Skip all pictures. Write out the data below from its first line through the line that contains "line L9 (80, 0) -> (80, 10)".

-*-*-

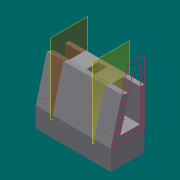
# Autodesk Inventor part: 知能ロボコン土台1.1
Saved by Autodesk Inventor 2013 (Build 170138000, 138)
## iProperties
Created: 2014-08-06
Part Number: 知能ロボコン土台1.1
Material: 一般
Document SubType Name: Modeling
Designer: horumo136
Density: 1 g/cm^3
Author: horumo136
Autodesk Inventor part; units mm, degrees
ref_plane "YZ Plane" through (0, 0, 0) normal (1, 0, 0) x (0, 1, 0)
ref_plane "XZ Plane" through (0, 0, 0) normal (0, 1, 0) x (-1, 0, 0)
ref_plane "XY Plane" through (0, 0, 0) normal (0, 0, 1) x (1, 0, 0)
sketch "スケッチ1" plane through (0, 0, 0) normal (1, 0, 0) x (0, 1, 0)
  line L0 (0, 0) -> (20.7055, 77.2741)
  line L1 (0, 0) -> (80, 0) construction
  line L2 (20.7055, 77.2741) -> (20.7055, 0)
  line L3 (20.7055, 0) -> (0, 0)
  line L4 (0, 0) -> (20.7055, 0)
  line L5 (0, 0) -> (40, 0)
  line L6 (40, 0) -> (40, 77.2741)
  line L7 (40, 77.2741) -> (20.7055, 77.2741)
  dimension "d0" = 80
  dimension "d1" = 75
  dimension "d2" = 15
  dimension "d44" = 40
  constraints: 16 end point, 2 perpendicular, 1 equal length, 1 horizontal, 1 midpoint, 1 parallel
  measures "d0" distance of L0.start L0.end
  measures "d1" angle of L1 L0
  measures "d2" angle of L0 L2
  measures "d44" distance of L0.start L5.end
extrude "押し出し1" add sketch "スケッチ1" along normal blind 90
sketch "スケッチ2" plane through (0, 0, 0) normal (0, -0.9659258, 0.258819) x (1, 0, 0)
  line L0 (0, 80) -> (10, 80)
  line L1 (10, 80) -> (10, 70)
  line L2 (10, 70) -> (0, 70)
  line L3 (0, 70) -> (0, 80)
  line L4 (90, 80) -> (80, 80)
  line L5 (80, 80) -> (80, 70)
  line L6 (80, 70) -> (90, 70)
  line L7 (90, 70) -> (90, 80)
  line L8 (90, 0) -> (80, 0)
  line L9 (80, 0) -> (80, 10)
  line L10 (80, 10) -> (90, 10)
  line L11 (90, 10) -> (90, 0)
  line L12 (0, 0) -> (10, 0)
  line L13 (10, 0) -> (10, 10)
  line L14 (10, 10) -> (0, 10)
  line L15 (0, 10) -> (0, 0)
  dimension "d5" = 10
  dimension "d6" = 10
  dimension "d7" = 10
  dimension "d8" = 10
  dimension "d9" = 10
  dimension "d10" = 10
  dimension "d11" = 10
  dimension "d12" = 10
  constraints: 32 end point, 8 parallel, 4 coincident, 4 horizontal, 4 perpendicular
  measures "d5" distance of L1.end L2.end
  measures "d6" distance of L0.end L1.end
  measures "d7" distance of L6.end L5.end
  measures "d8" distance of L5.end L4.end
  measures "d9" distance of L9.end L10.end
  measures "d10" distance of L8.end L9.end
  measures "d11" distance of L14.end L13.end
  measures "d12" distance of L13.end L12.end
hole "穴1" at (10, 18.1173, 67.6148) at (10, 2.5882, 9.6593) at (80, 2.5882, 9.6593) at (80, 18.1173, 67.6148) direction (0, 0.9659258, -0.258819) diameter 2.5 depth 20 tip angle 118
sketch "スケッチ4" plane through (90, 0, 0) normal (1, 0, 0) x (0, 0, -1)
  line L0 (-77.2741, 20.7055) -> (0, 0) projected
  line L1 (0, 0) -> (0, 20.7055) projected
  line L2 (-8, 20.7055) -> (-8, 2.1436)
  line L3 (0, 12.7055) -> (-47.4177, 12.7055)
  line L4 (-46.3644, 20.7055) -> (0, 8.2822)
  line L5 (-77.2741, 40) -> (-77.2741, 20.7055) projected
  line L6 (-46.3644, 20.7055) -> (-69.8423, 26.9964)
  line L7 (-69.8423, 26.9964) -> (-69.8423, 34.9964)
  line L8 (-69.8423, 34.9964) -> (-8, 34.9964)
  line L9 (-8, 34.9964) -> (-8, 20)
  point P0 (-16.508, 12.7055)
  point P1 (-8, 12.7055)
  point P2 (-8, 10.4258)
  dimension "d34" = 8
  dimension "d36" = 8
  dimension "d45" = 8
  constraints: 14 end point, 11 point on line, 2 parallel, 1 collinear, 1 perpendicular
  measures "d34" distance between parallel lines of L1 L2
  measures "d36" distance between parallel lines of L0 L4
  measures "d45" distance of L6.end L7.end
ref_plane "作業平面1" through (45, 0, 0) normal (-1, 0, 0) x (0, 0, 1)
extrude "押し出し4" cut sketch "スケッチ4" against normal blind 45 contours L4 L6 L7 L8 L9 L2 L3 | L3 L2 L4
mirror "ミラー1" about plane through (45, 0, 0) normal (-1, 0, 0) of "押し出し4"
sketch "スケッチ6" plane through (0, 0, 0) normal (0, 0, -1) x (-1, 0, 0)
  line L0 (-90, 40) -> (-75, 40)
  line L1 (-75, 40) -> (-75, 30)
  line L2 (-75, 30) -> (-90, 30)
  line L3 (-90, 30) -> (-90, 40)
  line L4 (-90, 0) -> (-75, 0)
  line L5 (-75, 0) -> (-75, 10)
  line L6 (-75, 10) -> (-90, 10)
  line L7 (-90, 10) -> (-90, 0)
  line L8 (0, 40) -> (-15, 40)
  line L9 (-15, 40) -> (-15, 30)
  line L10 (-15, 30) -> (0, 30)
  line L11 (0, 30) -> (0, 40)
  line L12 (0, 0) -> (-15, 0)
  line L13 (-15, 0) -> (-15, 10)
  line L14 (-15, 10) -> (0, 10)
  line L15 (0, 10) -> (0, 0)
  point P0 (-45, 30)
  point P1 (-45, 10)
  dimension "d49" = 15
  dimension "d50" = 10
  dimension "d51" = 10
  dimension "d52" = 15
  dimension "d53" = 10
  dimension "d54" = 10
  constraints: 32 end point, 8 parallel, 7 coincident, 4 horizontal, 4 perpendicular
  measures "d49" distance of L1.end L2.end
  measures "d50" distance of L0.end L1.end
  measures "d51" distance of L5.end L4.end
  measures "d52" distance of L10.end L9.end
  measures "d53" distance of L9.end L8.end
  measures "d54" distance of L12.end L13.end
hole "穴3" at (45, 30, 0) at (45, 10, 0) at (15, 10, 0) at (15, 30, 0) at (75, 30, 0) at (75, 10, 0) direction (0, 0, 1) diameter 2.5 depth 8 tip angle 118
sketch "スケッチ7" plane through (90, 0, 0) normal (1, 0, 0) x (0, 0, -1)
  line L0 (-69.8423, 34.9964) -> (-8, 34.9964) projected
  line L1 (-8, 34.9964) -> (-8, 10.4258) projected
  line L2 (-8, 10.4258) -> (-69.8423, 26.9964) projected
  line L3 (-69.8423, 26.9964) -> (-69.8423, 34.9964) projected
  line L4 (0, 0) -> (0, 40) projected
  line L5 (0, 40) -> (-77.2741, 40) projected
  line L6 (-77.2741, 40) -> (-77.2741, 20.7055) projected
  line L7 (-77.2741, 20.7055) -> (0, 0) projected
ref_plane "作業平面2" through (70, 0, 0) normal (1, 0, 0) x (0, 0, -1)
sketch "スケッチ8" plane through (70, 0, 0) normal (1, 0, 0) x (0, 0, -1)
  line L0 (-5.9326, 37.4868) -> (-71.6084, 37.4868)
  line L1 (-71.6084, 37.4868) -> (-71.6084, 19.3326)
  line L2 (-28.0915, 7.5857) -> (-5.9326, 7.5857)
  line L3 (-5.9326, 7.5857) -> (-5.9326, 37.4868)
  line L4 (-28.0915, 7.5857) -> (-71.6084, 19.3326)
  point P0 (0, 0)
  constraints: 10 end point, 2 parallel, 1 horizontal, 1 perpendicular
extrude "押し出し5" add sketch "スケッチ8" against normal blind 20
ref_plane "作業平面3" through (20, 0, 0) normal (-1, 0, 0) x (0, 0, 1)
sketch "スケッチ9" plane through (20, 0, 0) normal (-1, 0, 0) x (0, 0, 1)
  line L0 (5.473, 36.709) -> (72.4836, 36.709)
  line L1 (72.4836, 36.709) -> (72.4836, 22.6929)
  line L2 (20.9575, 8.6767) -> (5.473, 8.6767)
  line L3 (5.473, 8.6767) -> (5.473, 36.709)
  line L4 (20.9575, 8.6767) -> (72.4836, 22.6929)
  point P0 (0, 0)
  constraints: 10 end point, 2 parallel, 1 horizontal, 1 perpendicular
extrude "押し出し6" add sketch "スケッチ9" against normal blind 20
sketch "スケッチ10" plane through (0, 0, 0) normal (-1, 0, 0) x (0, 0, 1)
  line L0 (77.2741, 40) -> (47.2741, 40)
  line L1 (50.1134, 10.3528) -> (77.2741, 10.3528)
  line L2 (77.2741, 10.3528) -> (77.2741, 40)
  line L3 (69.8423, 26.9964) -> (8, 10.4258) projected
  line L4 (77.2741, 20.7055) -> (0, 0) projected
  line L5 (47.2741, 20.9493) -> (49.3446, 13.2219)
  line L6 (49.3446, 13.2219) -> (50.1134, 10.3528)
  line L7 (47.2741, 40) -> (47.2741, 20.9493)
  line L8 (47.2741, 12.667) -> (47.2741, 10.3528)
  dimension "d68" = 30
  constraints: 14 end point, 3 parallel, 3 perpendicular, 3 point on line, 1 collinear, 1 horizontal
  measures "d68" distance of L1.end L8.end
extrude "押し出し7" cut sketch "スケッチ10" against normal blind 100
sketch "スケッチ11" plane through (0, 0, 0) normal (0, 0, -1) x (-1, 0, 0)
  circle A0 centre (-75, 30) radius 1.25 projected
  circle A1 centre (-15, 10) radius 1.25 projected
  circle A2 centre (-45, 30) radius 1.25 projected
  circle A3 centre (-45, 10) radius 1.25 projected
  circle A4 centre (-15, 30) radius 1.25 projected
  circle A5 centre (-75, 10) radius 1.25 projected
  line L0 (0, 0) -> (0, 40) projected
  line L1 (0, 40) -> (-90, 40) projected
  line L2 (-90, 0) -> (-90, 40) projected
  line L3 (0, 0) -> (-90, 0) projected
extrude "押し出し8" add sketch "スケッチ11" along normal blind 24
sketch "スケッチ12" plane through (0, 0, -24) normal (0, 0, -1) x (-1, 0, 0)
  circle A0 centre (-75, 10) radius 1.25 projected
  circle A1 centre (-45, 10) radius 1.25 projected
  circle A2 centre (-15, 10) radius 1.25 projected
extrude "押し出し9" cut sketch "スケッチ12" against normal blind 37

-*-*-

• _Response for this exercise_
# Autodesk Inventor part: 知能ロボコン土台1.1
Saved by Autodesk Inventor 2013 (Build 170138000, 138)
## iProperties
Created: 2014-08-06
Part Number: 知能ロボコン土台1.1
Material: 一般
Document SubType Name: Modeling
Designer: horumo136
Density: 1 g/cm^3
Author: horumo136
Autodesk Inventor part; units mm, degrees
ref_plane "YZ Plane" through (0, 0, 0) normal (1, 0, 0) x (0, 1, 0)
ref_plane "XZ Plane" through (0, 0, 0) normal (0, 1, 0) x (-1, 0, 0)
ref_plane "XY Plane" through (0, 0, 0) normal (0, 0, 1) x (1, 0, 0)
sketch "スケッチ1" plane through (0, 0, 0) normal (1, 0, 0) x (0, 1, 0)
  line L0 (0, 0) -> (20.7055, 77.2741)
  line L1 (0, 0) -> (80, 0) construction
  line L2 (20.7055, 77.2741) -> (20.7055, 0)
  line L3 (20.7055, 0) -> (0, 0)
  line L4 (0, 0) -> (20.7055, 0)
  line L5 (0, 0) -> (40, 0)
  line L6 (40, 0) -> (40, 77.2741)
  line L7 (40, 77.2741) -> (20.7055, 77.2741)
  dimension "d0" = 80
  dimension "d1" = 75
  dimension "d2" = 15
  dimension "d44" = 40
  constraints: 16 end point, 2 perpendicular, 1 equal length, 1 horizontal, 1 midpoint, 1 parallel
  measures "d0" distance of L0.start L0.end
  measures "d1" angle of L1 L0
  measures "d2" angle of L0 L2
  measures "d44" distance of L0.start L5.end
extrude "押し出し1" add sketch "スケッチ1" along normal blind 90
sketch "スケッチ2" plane through (0, 0, 0) normal (0, -0.9659258, 0.258819) x (1, 0, 0)
  line L0 (0, 80) -> (10, 80)
  line L1 (10, 80) -> (10, 70)
  line L2 (10, 70) -> (0, 70)
  line L3 (0, 70) -> (0, 80)
  line L4 (90, 80) -> (80, 80)
  line L5 (80, 80) -> (80, 70)
  line L6 (80, 70) -> (90, 70)
  line L7 (90, 70) -> (90, 80)
  line L8 (90, 0) -> (80, 0)
  line L9 (80, 0) -> (80, 10)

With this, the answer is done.